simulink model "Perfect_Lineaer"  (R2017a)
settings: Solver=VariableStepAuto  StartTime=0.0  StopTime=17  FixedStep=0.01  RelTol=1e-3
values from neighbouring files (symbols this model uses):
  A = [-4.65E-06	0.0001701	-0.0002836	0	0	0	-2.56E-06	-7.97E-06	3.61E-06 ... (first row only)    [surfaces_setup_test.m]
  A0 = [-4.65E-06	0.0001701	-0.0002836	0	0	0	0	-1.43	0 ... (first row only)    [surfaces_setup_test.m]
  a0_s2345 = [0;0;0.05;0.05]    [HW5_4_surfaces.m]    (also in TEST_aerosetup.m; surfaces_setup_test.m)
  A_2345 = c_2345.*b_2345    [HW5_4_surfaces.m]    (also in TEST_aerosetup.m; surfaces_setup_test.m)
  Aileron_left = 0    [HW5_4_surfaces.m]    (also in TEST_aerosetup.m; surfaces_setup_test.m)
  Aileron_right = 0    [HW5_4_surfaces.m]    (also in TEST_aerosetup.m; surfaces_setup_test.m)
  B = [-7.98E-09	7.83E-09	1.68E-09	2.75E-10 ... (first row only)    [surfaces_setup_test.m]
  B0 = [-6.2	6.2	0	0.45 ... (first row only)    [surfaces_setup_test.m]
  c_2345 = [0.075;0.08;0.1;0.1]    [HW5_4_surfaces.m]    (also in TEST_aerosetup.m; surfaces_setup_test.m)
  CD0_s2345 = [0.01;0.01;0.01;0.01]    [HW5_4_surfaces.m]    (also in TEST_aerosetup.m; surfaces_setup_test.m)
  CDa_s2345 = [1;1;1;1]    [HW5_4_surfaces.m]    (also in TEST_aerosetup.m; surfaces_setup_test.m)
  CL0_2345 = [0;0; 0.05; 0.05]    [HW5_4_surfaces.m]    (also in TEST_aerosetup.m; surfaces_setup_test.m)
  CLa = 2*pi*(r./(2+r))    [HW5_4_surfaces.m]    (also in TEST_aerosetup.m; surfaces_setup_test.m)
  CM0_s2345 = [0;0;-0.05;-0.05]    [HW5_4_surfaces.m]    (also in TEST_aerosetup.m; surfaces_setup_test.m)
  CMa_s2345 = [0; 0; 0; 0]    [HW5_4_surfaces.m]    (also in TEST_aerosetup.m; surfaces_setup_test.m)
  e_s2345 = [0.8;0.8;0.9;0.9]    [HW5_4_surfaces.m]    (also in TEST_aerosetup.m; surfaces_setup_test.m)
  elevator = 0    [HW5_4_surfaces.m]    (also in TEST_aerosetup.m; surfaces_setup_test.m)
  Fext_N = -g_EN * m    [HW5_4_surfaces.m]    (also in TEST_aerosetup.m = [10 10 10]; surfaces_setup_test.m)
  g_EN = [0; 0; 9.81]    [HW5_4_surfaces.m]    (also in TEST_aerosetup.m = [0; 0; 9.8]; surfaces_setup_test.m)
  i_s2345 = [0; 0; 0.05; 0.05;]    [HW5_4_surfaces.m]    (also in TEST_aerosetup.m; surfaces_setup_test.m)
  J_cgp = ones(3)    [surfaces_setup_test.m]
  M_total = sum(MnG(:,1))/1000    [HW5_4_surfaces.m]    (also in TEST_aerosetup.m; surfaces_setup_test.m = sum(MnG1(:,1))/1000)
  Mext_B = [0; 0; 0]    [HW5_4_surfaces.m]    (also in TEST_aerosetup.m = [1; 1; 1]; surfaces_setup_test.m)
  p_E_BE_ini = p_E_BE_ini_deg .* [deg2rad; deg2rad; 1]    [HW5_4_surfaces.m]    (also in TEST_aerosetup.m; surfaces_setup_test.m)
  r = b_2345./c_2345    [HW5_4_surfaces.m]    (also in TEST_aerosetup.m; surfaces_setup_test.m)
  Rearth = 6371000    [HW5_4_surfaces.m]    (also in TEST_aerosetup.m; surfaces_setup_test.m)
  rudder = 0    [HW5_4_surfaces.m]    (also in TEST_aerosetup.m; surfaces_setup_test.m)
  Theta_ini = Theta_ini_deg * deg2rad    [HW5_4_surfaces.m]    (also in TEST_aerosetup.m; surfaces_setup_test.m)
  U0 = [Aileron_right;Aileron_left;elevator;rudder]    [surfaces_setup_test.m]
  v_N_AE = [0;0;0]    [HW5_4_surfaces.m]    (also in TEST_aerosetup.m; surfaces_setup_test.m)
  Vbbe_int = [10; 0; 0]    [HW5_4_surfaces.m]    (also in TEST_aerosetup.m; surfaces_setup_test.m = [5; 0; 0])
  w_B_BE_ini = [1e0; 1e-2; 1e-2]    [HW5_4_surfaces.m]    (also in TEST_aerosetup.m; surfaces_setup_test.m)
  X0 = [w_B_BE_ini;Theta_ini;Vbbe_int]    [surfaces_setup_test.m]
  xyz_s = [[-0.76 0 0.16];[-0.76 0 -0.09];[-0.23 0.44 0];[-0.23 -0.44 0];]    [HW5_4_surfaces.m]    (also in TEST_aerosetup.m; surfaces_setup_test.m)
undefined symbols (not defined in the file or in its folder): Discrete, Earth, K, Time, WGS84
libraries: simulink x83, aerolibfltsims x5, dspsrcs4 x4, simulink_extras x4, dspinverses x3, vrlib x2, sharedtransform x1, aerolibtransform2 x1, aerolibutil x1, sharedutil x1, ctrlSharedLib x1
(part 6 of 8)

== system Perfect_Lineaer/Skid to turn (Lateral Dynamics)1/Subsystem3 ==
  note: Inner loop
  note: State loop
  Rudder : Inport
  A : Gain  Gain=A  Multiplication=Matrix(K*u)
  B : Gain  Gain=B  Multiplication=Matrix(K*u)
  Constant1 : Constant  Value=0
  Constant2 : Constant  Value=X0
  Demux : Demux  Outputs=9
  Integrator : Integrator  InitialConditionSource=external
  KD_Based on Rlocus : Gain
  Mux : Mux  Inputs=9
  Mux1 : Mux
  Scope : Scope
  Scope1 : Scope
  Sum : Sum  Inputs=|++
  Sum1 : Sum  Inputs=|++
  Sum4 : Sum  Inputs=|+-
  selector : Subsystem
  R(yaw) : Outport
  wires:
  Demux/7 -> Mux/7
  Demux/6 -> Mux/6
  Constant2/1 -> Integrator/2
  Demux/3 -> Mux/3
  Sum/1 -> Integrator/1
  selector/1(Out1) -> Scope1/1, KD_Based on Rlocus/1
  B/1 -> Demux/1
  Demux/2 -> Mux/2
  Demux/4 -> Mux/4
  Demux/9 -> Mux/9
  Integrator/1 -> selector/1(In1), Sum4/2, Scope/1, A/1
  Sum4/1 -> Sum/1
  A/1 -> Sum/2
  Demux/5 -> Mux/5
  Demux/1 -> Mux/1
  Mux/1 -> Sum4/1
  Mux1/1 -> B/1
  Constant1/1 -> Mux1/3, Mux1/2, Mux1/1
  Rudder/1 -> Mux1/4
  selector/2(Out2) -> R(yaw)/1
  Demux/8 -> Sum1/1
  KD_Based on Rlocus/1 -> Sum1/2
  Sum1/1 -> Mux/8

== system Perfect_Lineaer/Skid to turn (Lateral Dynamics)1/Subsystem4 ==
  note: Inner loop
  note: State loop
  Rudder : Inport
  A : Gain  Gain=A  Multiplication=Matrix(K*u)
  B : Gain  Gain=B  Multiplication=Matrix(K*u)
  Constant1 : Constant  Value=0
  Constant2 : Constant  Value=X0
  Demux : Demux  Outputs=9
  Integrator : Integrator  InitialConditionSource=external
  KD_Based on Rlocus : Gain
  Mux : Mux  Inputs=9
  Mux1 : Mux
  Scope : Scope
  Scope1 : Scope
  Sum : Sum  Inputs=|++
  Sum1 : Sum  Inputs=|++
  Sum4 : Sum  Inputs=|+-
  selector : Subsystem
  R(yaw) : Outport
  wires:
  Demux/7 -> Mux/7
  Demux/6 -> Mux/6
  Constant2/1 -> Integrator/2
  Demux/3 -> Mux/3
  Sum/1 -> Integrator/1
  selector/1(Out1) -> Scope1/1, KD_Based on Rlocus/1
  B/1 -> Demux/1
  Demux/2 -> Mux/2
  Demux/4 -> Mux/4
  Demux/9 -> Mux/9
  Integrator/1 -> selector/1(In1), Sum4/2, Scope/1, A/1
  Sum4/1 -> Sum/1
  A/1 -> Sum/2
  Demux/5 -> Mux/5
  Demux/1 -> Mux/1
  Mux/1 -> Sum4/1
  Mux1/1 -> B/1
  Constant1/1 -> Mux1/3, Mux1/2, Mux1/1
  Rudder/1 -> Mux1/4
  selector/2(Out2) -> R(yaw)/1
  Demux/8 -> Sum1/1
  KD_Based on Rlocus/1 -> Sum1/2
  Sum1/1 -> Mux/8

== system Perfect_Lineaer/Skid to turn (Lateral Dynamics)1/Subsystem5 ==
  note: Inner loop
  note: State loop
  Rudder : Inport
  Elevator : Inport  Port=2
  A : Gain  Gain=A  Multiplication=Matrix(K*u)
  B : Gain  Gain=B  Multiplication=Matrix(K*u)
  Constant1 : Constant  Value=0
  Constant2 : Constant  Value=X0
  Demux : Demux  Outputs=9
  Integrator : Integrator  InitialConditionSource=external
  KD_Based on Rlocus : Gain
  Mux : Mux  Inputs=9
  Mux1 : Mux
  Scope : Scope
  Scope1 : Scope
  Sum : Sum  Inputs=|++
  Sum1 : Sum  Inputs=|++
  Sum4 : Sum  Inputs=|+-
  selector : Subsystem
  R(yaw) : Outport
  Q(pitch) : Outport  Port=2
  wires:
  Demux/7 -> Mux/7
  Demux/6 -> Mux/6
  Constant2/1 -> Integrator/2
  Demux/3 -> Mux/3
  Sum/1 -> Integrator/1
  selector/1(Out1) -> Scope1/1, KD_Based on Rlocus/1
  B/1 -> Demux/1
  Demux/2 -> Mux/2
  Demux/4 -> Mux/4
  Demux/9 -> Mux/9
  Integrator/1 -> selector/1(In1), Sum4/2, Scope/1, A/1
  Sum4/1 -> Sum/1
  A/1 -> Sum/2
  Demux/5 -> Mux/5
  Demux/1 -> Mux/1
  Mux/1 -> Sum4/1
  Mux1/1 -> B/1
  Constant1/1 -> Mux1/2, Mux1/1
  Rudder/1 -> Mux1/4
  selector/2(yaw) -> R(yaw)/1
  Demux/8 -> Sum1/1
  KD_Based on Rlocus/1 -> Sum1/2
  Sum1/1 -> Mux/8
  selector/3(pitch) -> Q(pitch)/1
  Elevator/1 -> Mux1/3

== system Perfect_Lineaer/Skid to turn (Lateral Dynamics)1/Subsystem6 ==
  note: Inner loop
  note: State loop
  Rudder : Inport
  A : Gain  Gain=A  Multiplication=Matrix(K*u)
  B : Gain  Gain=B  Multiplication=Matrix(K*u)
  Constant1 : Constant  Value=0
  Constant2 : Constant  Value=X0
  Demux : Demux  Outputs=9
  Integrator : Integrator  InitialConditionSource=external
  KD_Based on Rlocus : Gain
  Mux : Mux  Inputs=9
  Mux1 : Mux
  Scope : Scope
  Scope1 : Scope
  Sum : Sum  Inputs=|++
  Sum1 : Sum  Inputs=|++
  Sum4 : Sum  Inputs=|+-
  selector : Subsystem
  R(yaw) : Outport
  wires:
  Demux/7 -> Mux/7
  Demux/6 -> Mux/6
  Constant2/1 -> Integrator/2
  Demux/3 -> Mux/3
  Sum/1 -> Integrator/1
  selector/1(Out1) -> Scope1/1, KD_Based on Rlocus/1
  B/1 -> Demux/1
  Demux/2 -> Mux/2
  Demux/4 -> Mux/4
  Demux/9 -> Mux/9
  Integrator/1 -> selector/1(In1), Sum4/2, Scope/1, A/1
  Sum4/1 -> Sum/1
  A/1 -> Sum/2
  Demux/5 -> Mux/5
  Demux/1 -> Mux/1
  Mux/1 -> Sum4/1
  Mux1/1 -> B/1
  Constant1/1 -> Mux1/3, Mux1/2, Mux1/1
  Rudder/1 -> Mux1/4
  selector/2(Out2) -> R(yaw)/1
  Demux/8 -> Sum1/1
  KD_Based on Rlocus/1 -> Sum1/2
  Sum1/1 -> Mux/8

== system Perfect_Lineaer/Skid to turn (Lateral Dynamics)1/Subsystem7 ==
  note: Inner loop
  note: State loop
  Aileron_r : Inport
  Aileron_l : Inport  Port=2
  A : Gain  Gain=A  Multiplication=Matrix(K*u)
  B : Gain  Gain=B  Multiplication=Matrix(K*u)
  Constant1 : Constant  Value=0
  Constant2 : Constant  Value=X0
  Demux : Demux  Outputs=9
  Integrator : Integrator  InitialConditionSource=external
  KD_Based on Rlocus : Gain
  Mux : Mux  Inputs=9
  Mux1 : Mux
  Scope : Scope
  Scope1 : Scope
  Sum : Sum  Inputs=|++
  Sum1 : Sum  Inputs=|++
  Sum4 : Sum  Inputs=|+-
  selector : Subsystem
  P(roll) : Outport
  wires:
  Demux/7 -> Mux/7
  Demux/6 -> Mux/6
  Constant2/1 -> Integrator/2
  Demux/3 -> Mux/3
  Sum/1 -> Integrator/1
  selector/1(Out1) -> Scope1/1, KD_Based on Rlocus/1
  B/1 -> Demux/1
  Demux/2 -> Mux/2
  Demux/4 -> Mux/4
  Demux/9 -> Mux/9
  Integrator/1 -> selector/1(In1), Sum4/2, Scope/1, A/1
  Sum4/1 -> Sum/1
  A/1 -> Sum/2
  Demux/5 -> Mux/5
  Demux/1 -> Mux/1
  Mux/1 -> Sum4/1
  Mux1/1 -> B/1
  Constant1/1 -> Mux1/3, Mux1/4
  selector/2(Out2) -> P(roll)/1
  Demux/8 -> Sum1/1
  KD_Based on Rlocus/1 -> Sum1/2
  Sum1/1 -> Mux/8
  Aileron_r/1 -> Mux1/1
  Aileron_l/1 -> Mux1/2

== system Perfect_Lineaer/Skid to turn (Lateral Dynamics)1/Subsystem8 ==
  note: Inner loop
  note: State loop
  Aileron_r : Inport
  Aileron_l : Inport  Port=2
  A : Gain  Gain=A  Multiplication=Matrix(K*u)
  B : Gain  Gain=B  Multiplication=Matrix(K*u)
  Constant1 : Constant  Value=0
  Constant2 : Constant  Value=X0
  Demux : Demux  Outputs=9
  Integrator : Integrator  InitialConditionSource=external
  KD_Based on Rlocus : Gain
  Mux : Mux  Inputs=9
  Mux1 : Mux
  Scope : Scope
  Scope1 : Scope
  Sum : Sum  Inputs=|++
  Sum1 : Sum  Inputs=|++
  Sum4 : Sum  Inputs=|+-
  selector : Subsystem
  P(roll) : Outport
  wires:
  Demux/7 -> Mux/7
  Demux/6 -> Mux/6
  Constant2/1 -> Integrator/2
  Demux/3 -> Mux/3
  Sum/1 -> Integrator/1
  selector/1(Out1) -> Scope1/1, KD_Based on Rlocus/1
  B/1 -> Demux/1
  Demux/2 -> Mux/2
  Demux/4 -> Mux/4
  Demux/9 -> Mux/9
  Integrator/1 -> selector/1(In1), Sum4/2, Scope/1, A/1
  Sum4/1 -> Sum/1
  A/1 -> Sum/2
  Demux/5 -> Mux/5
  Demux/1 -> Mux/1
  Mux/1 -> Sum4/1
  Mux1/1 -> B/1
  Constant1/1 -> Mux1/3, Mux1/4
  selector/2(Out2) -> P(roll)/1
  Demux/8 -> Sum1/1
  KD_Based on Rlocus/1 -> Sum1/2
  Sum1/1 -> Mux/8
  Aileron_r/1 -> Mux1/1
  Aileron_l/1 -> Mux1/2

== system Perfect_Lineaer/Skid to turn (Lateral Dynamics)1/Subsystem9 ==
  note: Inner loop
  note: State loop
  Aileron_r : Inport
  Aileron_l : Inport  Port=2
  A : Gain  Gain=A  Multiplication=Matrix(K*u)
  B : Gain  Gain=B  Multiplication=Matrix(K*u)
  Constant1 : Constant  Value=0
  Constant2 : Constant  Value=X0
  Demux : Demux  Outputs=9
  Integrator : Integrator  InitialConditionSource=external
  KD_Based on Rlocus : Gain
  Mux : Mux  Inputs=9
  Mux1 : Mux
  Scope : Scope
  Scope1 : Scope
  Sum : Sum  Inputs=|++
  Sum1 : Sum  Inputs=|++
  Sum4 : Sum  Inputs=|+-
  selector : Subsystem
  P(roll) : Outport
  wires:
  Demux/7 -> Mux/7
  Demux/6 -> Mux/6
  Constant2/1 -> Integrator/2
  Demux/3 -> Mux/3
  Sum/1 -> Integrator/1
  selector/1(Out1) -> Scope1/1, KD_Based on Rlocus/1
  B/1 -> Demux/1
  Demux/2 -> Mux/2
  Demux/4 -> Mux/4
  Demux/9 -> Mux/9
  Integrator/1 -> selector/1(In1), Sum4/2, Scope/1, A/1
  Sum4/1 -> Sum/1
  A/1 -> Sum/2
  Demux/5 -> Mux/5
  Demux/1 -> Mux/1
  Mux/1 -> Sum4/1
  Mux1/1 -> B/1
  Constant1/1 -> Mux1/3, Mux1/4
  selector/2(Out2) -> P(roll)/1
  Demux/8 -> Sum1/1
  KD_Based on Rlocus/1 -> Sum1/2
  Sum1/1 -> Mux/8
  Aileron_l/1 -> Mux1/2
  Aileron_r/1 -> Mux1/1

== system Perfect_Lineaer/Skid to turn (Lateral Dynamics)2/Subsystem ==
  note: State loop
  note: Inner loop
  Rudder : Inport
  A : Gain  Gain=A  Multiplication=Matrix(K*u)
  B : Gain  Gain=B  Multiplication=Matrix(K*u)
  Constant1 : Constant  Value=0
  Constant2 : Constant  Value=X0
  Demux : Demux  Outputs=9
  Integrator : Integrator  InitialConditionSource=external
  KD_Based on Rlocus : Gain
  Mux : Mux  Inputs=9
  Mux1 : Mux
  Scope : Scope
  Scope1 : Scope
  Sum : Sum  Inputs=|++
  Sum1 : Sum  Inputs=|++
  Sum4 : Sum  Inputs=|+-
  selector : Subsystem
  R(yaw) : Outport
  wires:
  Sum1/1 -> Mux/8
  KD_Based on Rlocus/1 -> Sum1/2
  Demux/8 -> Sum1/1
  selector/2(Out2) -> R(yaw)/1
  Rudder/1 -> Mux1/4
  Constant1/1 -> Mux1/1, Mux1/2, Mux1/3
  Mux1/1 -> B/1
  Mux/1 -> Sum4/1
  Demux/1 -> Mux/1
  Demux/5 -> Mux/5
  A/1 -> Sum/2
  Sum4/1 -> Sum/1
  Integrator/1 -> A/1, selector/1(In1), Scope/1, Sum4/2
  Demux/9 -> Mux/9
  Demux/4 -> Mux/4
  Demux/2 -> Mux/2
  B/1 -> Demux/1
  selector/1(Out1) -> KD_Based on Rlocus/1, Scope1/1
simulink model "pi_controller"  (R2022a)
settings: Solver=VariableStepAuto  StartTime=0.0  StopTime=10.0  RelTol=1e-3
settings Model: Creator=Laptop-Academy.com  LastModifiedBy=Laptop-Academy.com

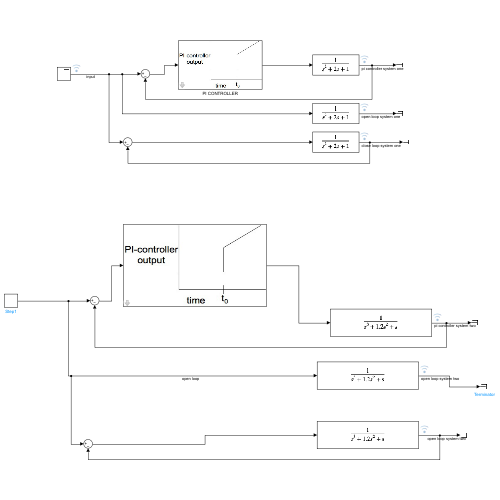
[thumbnail: Simulink's stored preview of the top-level diagram]
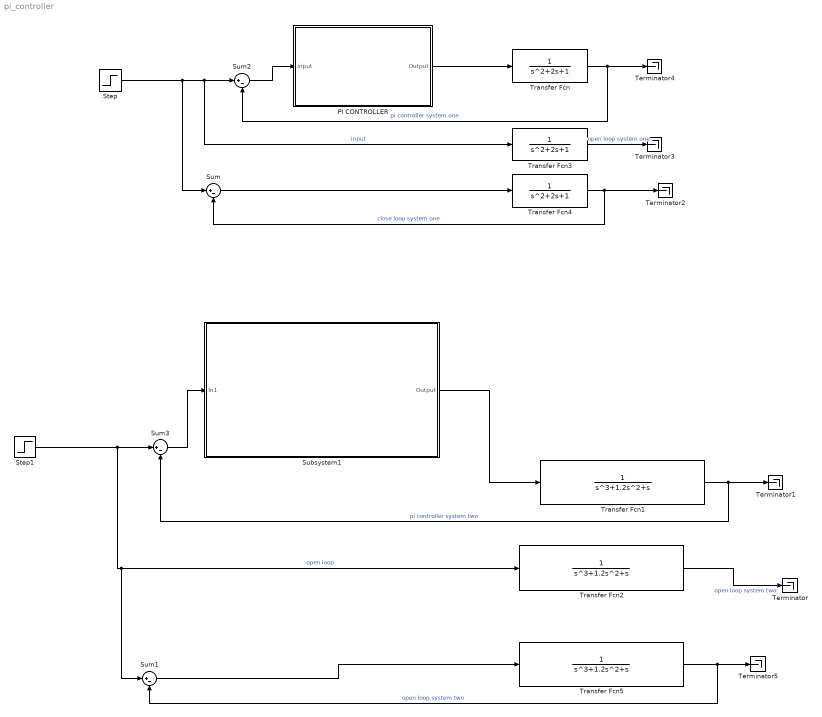
== system pi_controller ==
  PI CONTROLLER : Subsystem  mask{p=1, i=0.1}
      mask prompts: p "probortianal gain (p)"; i "integral gain (i)"
      mask Display: image("F:\os_academy_labs\pid_controller\media\pi.jpg");
  Step : Step  SampleTime=0
  Step1 : Step  SampleTime=0
  Subsystem1 : Subsystem  mask{p=5, i=0.5}
      mask prompts: p "probortional gain (p)"; i "integral gain (i)"
      mask Display: image("F:\os_academy_labs\pid_controller\media\pi.jpg");
  Sum{,1..3} (4 alike) : Sum  Inputs=|+-
  Terminator{,1..5} (6 alike) : Terminator
  Transfer Fcn : TransferFcn
  Transfer Fcn1 : TransferFcn  Denominator=[1 1.2 1 0]
  Transfer Fcn2 : TransferFcn  Denominator=[1 1.2 1 0]
  Transfer Fcn3 : TransferFcn
  Transfer Fcn4 : TransferFcn
  Transfer Fcn5 : TransferFcn  Denominator=[1 1.2 1 0]
  wires:
  Step/1 -> Sum/1, Sum2/1, Transfer Fcn3/1  "input"
  Step1/1 -> Sum1/1, Transfer Fcn2/1, Sum3/1  "open loop"
  PI CONTROLLER/1(Output) -> Transfer Fcn/1
  Subsystem1/1(Output) -> Transfer Fcn1/1
  Transfer Fcn2/1 -> Terminator/1  "open loop system two"
  Transfer Fcn1/1 -> Sum3/2, Terminator1/1  "pi controller system two"
  Sum/1 -> Transfer Fcn4/1
  Transfer Fcn4/1 -> Terminator2/1, Sum/2  "close loop system one"
  Transfer Fcn3/1 -> Terminator3/1  "open loop system one"
  Transfer Fcn/1 -> Sum2/2, Terminator4/1  "pi controller system one"
  Sum1/1 -> Transfer Fcn5/1
  Transfer Fcn5/1 -> Terminator5/1, Sum1/2  "open loop system two"
  Sum2/1 -> PI CONTROLLER/1(input)
  Sum3/1 -> Subsystem1/1(In1)

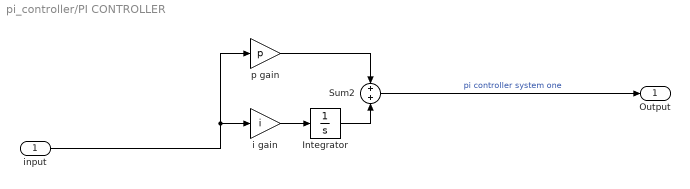
== system pi_controller/PI CONTROLLER ==
  input : Inport
  Integrator : Integrator
  Sum2 : Sum  Inputs=+|+
  i gain : Gain  Gain=i
  p gain : Gain  Gain=p
  Output : Outport
  wires:
  input/1 -> p gain/1, i gain/1
  Sum2/1 -> Output/1  "pi controller system one"
  i gain/1 -> Integrator/1
  Integrator/1 -> Sum2/2
  p gain/1 -> Sum2/1

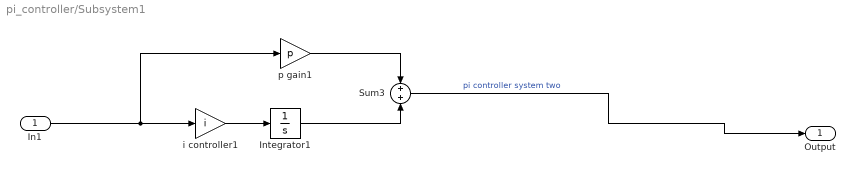
== system pi_controller/Subsystem1 ==
  In1 : Inport
  Integrator1 : Integrator
  Sum3 : Sum  Inputs=+|+
  i controller1 : Gain  Gain=i
  p gain1 : Gain  Gain=p
  Output : Outport
  wires:
  Integrator1/1 -> Sum3/2
  In1/1 -> p gain1/1, i controller1/1
  Sum3/1 -> Output/1  "pi controller system two"
  i controller1/1 -> Integrator1/1
  p gain1/1 -> Sum3/1

──────────

• [Your instructions]: In the records above, the lines from the one containing "Sum1/1 -> Transfer Fcn5/1" through the last line are to be written out exactly, both ends included and pictures omitted.

• [Task solution]:
  Sum1/1 -> Transfer Fcn5/1
  Transfer Fcn5/1 -> Terminator5/1, Sum1/2  "open loop system two"
  Sum2/1 -> PI CONTROLLER/1(input)
  Sum3/1 -> Subsystem1/1(In1)

== system pi_controller/PI CONTROLLER ==
  input : Inport
  Integrator : Integrator
  Sum2 : Sum  Inputs=+|+
  i gain : Gain  Gain=i
  p gain : Gain  Gain=p
  Output : Outport
  wires:
  input/1 -> p gain/1, i gain/1
  Sum2/1 -> Output/1  "pi controller system one"
  i gain/1 -> Integrator/1
  Integrator/1 -> Sum2/2
  p gain/1 -> Sum2/1

== system pi_controller/Subsystem1 ==
  In1 : Inport
  Integrator1 : Integrator
  Sum3 : Sum  Inputs=+|+
  i controller1 : Gain  Gain=i
  p gain1 : Gain  Gain=p
  Output : Outport
  wires:
  Integrator1/1 -> Sum3/2
  In1/1 -> p gain1/1, i controller1/1
  Sum3/1 -> Output/1  "pi controller system two"
  i controller1/1 -> Integrator1/1
  p gain1/1 -> Sum3/1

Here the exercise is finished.